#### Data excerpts
Content starts
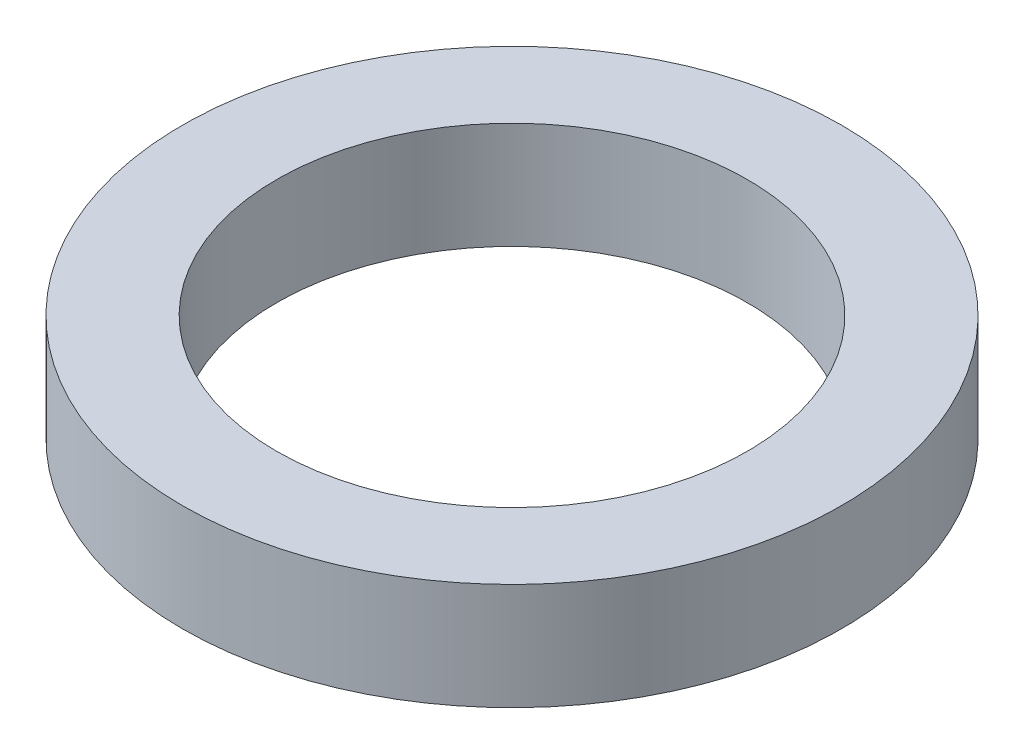
from build123d import *

# Parameters (mm, degrees)
SKETCH1_R           = 52.5
BOSS_EXTRUDE1_DEPTH = 17
SKETCH2_R           = 37.5
CUT_EXTRUDE1_DEPTH  = 77.167578404


with BuildPart() as part:
    # Sketch1 → Boss-Extrude1 (new body)
    with BuildSketch(Plane(origin=(0, 0, 0), x_dir=(1, 0, 0), z_dir=(0, 1, 0))):
        Circle(SKETCH1_R)
    extrude(amount=BOSS_EXTRUDE1_DEPTH)

    # Sketch2 → Cut-Extrude1 (cut, through all)
    with BuildSketch(Plane(origin=(0, 0, 0), x_dir=(1, 0, 0), z_dir=(0, 1, 0))):
        Circle(SKETCH2_R)
    extrude(amount=CUT_EXTRUDE1_DEPTH, mode=Mode.SUBTRACT)


solid = part.part
Content ends
#### What the task requires
Across the records above, in how many lines does the string "amount" appear? Reply with the figure alone.

#### Solved exercise
2